[Records from a collection]
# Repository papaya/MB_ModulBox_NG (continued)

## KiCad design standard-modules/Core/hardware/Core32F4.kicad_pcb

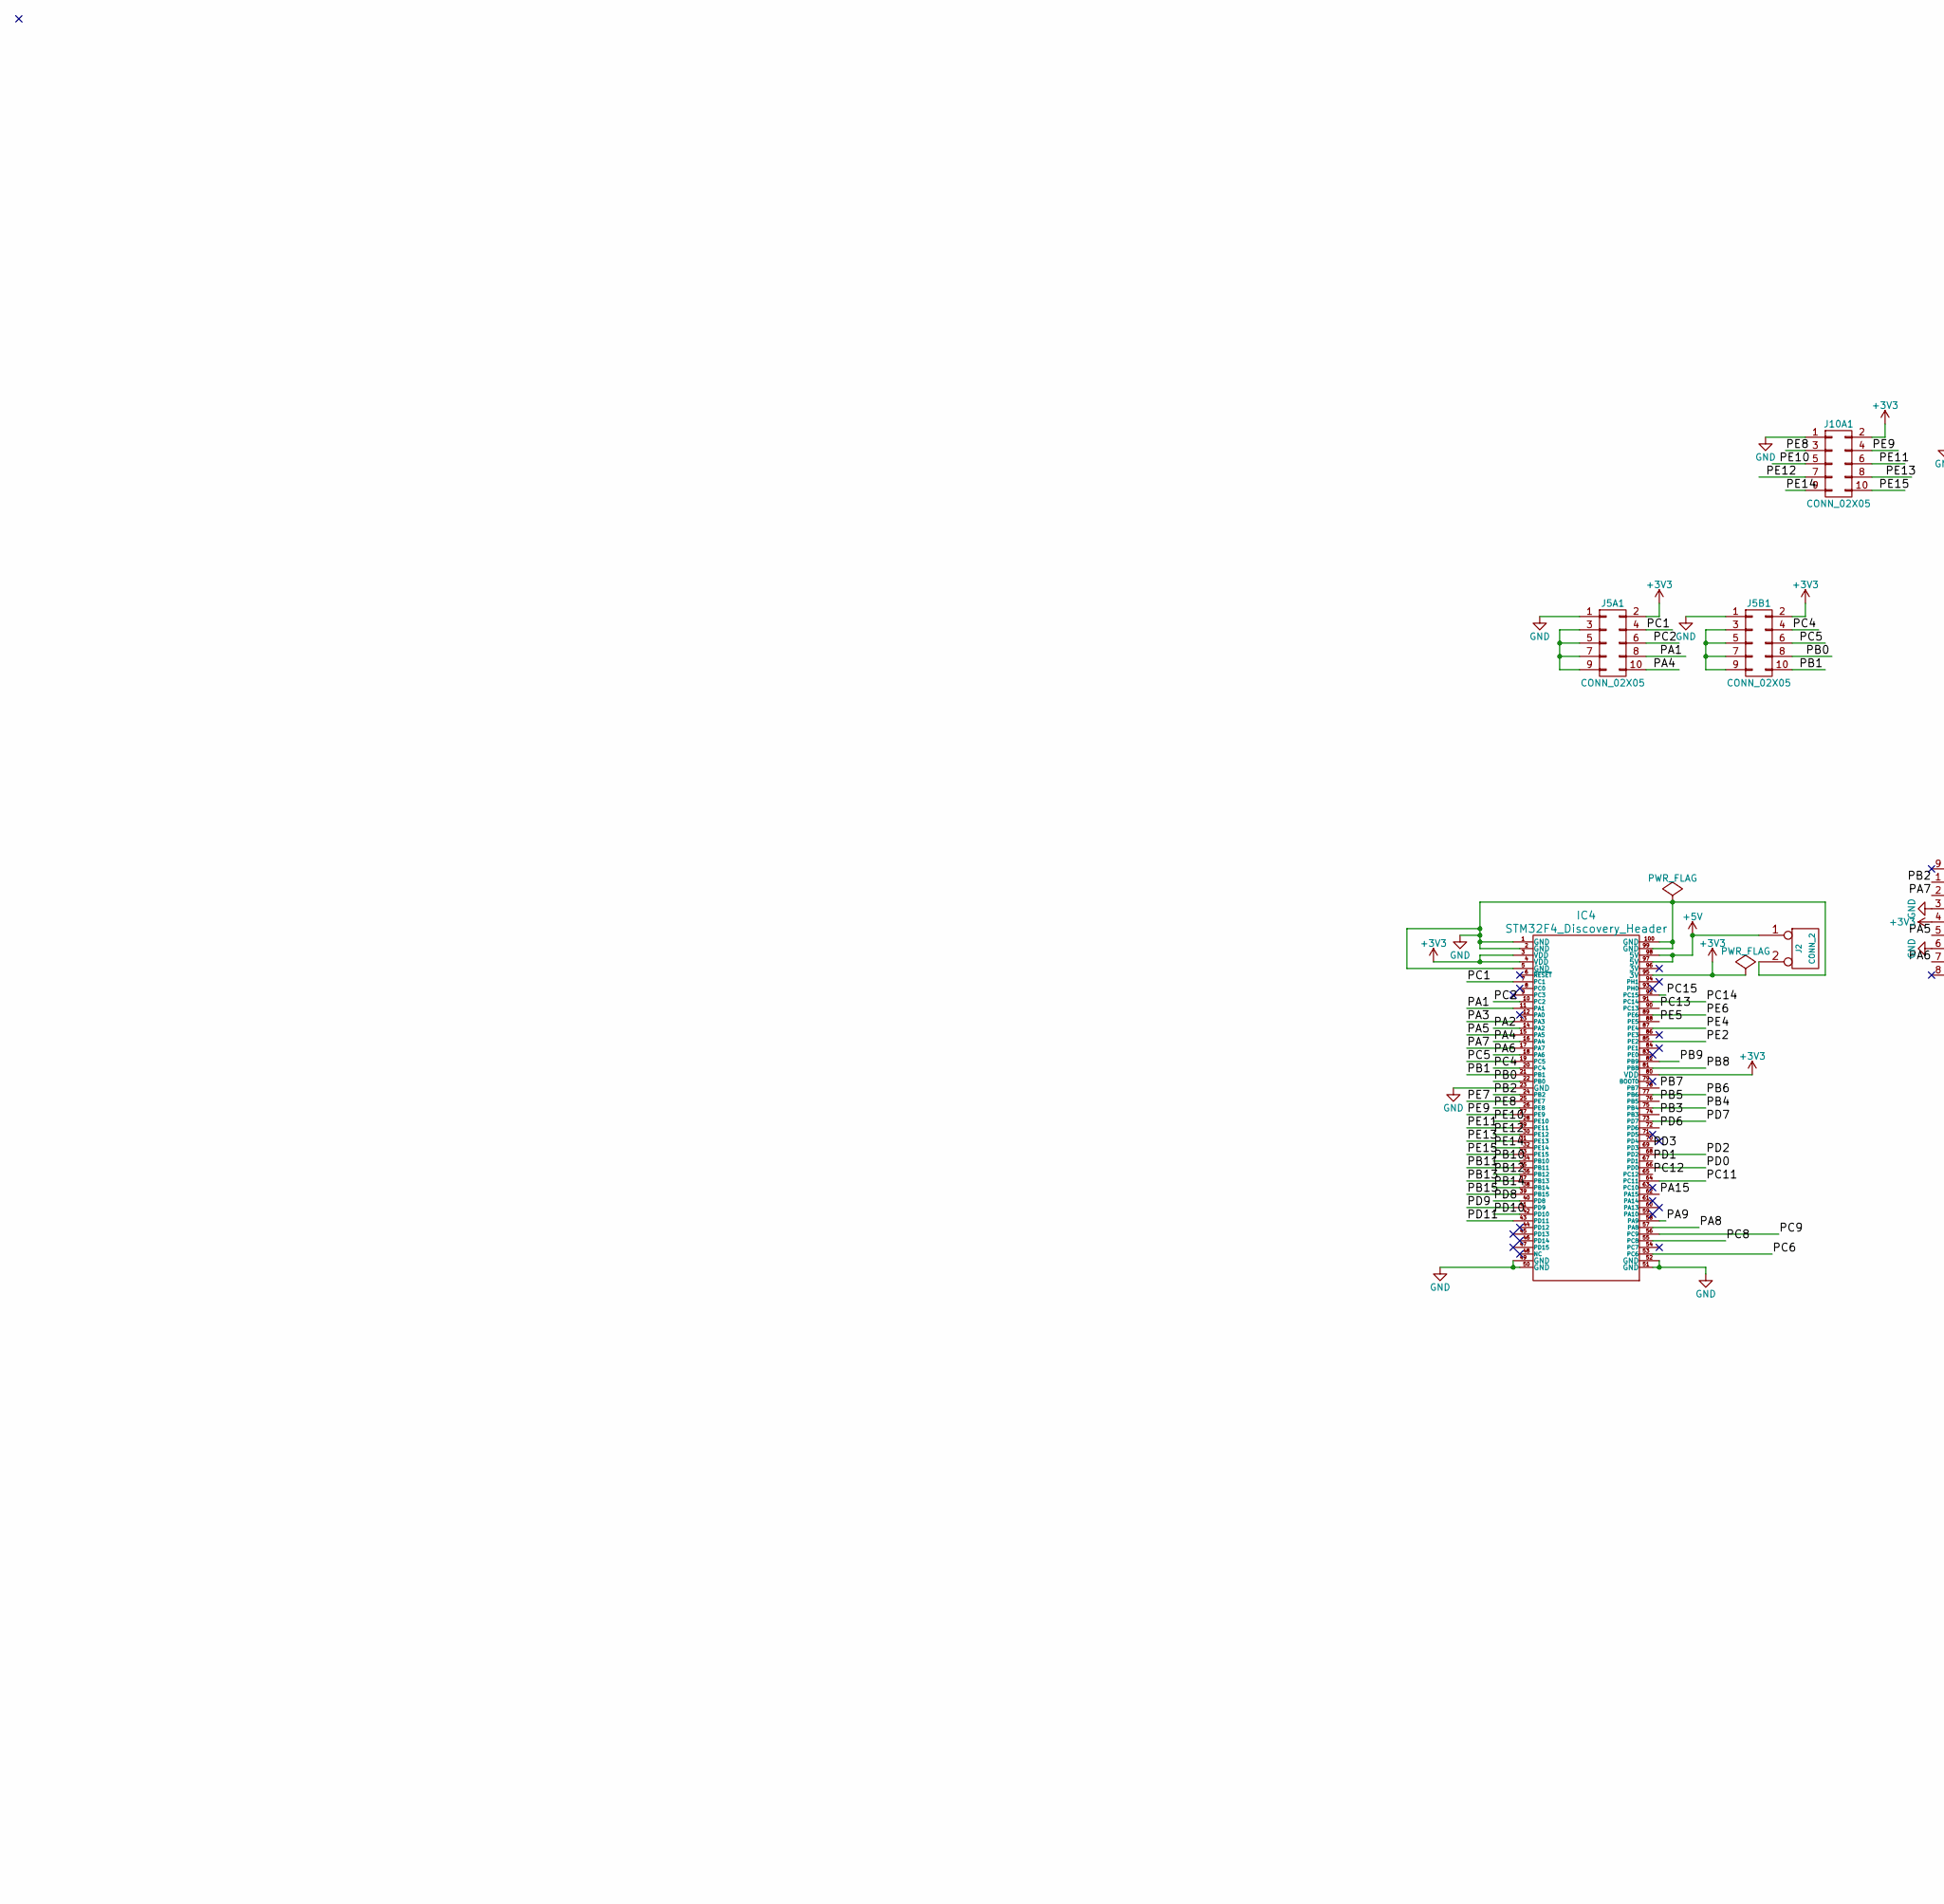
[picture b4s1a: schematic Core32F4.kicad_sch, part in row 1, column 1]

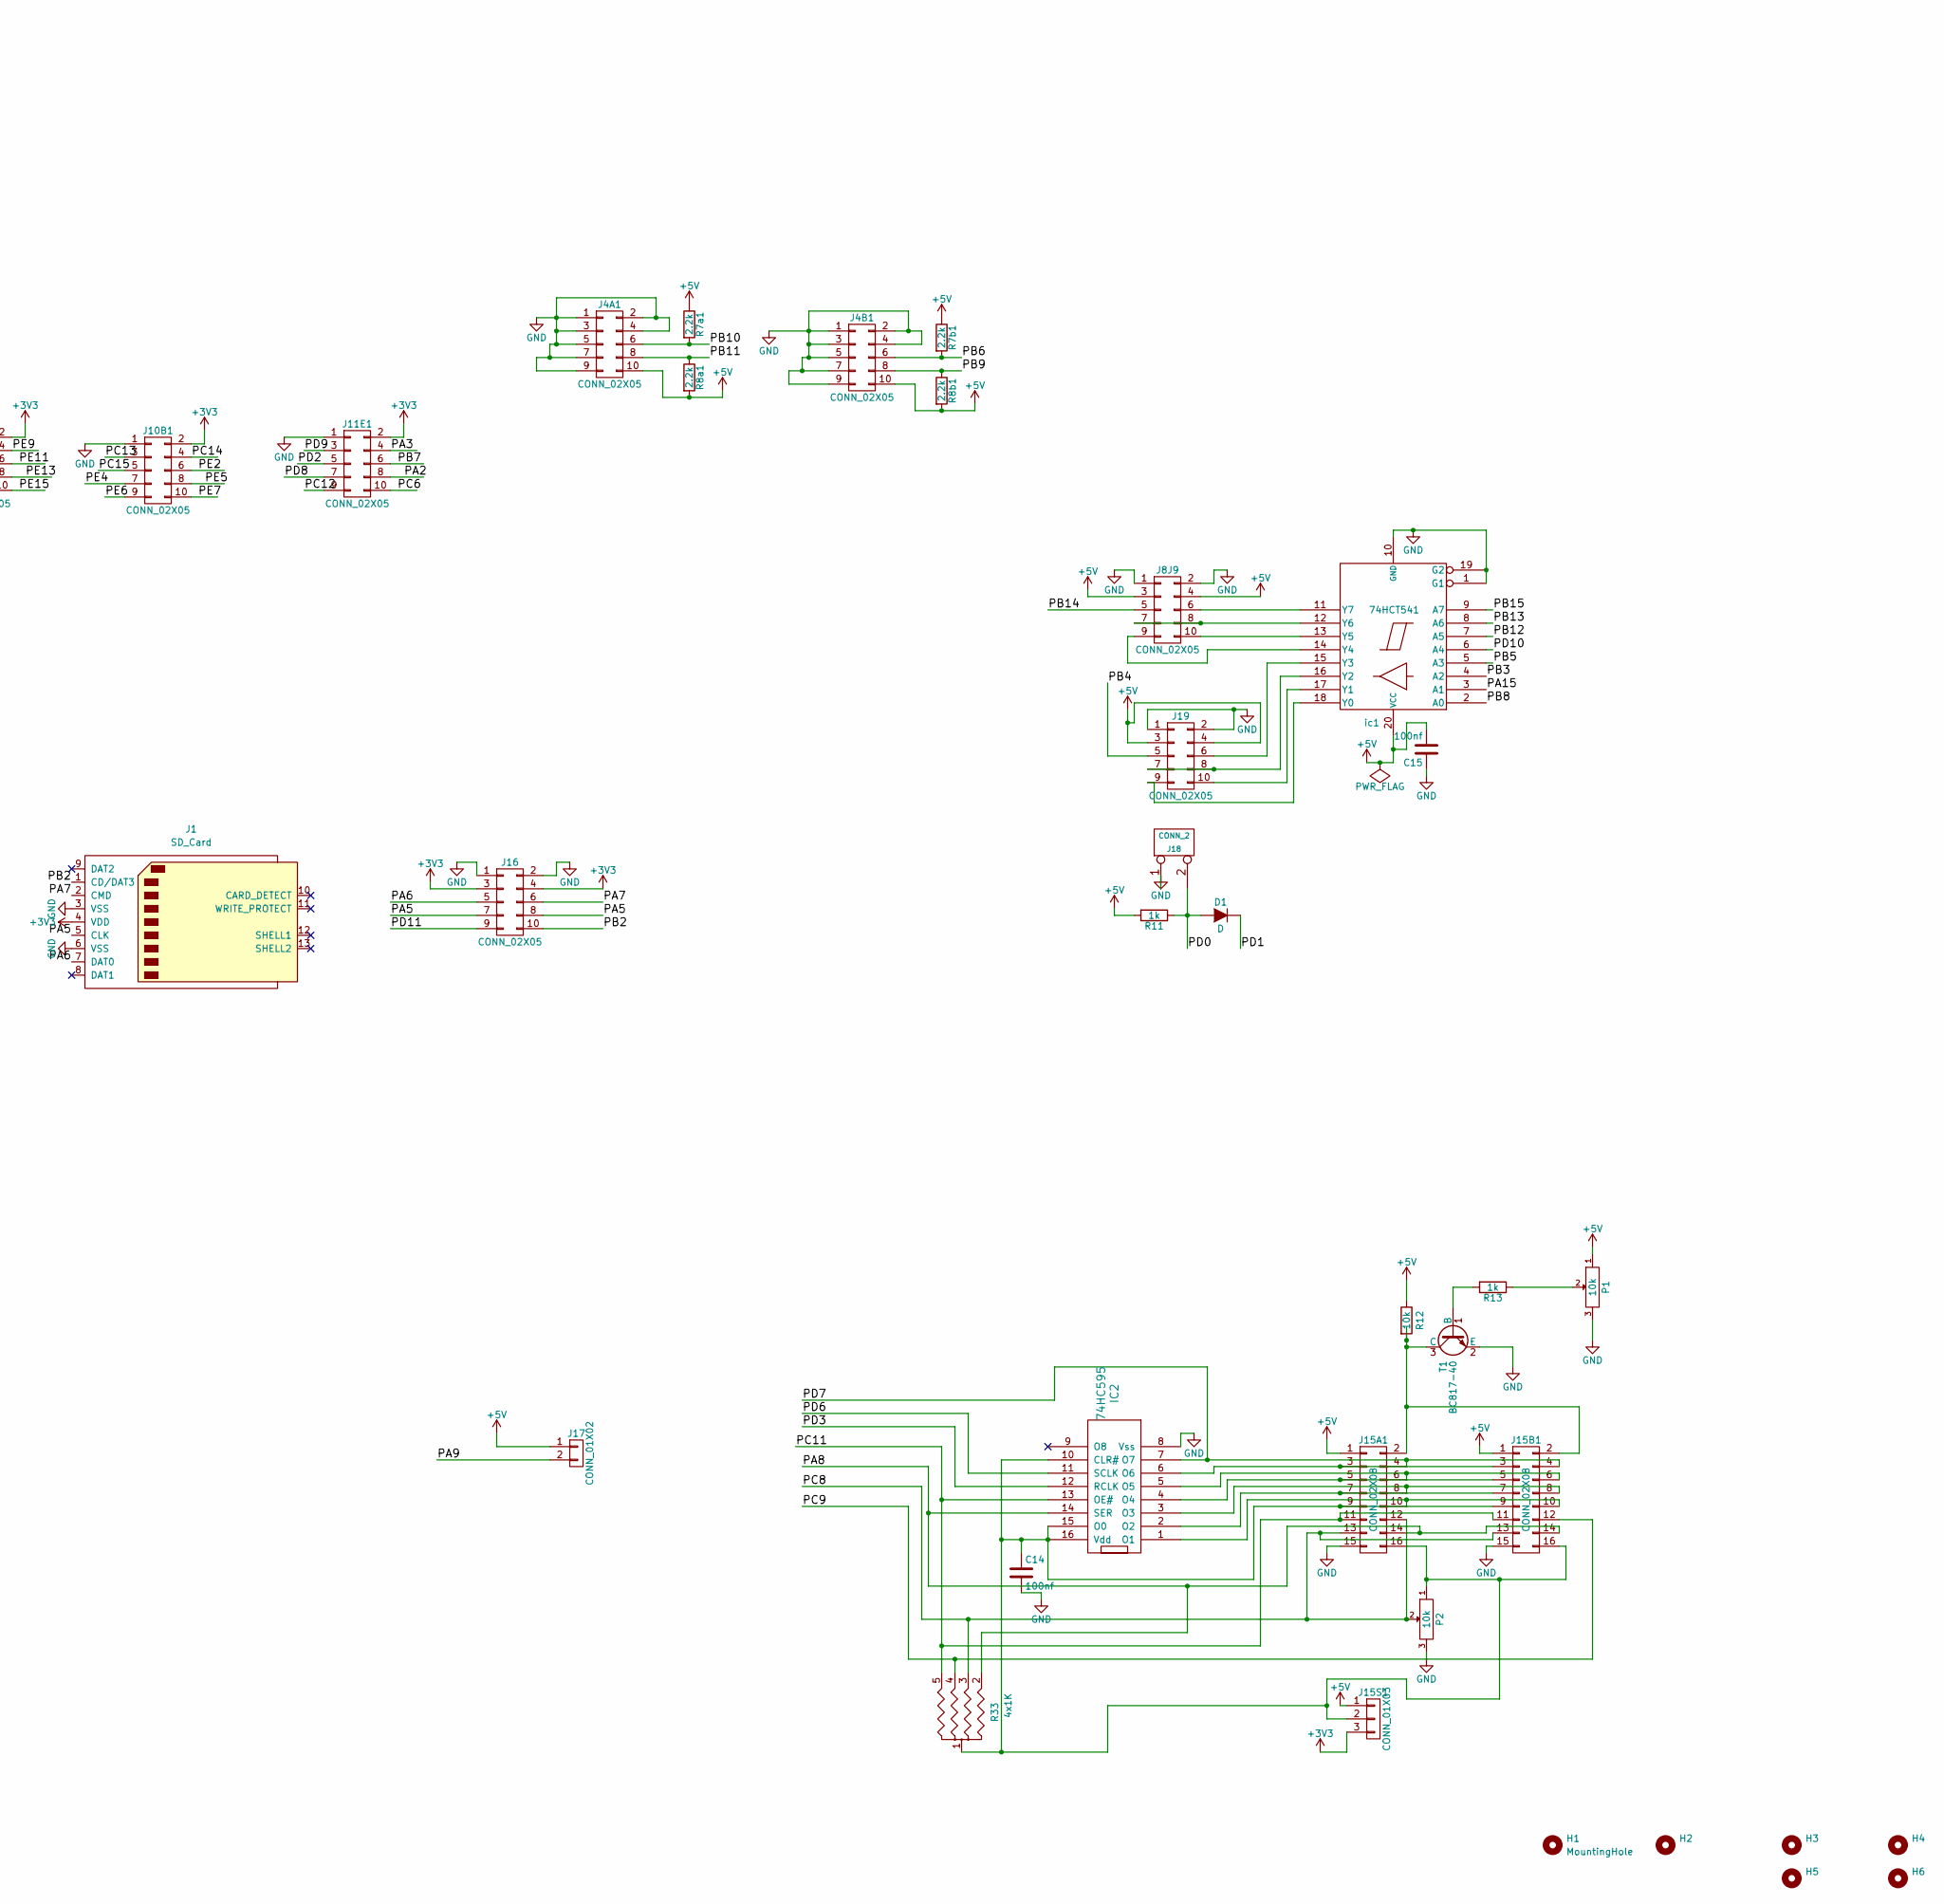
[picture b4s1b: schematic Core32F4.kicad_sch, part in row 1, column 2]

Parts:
C14, C15: 100nf; C_Disc_D3.8mm_W2.6mm_P2.50mm
D1: D; Diode_DO-35_SOD27_Horizontal_RM10
H1, H2, H3, H4, H5, H6: MountingHole; MountingHole_3.2mm_M3_ISO7380_Pad
IC2: 74HC595; DIP-16_W7.62mm_LongPads
IC4: STM32F4_Discovery_Header; stm32f4_discovery_header_ksir
J1: SD_Card; SDRSMT2MQ
J2, J18: CONN_2; PinHeader_1x02_P2.54mm_Vertical
J4A1, J4B1, J5A1, J5B1, J8J9, J10A1, J10B1, J11E1, J16, J19: CONN_02X05; IDC-Header_2x05_P2.54mm_Vertical
J15A1, J15B1: CONN_02X08; IDC-Header_2x08_P2.54mm_Vertical
J15S1: CONN_01X03; PinHeader_1x03_P2.54mm_Vertical
J17: CONN_01X02; PinHeader_1x02_P2.54mm_Vertical
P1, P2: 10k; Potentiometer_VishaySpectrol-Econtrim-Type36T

-- Exercise description --
Skipping all images, print the data above a second time exactly.

-- Final answer --
# Repository papaya/MB_ModulBox_NG (continued)

## KiCad design standard-modules/Core/hardware/Core32F4.kicad_pcb

[picture b4s1a: schematic Core32F4.kicad_sch, part in row 1, column 1]

[picture b4s1b: schematic Core32F4.kicad_sch, part in row 1, column 2]

Parts:
C14, C15: 100nf; C_Disc_D3.8mm_W2.6mm_P2.50mm
D1: D; Diode_DO-35_SOD27_Horizontal_RM10
H1, H2, H3, H4, H5, H6: MountingHole; MountingHole_3.2mm_M3_ISO7380_Pad
IC2: 74HC595; DIP-16_W7.62mm_LongPads
IC4: STM32F4_Discovery_Header; stm32f4_discovery_header_ksir
J1: SD_Card; SDRSMT2MQ
J2, J18: CONN_2; PinHeader_1x02_P2.54mm_Vertical
J4A1, J4B1, J5A1, J5B1, J8J9, J10A1, J10B1, J11E1, J16, J19: CONN_02X05; IDC-Header_2x05_P2.54mm_Vertical
J15A1, J15B1: CONN_02X08; IDC-Header_2x08_P2.54mm_Vertical
J15S1: CONN_01X03; PinHeader_1x03_P2.54mm_Vertical
J17: CONN_01X02; PinHeader_1x02_P2.54mm_Vertical
P1, P2: 10k; Potentiometer_VishaySpectrol-Econtrim-Type36T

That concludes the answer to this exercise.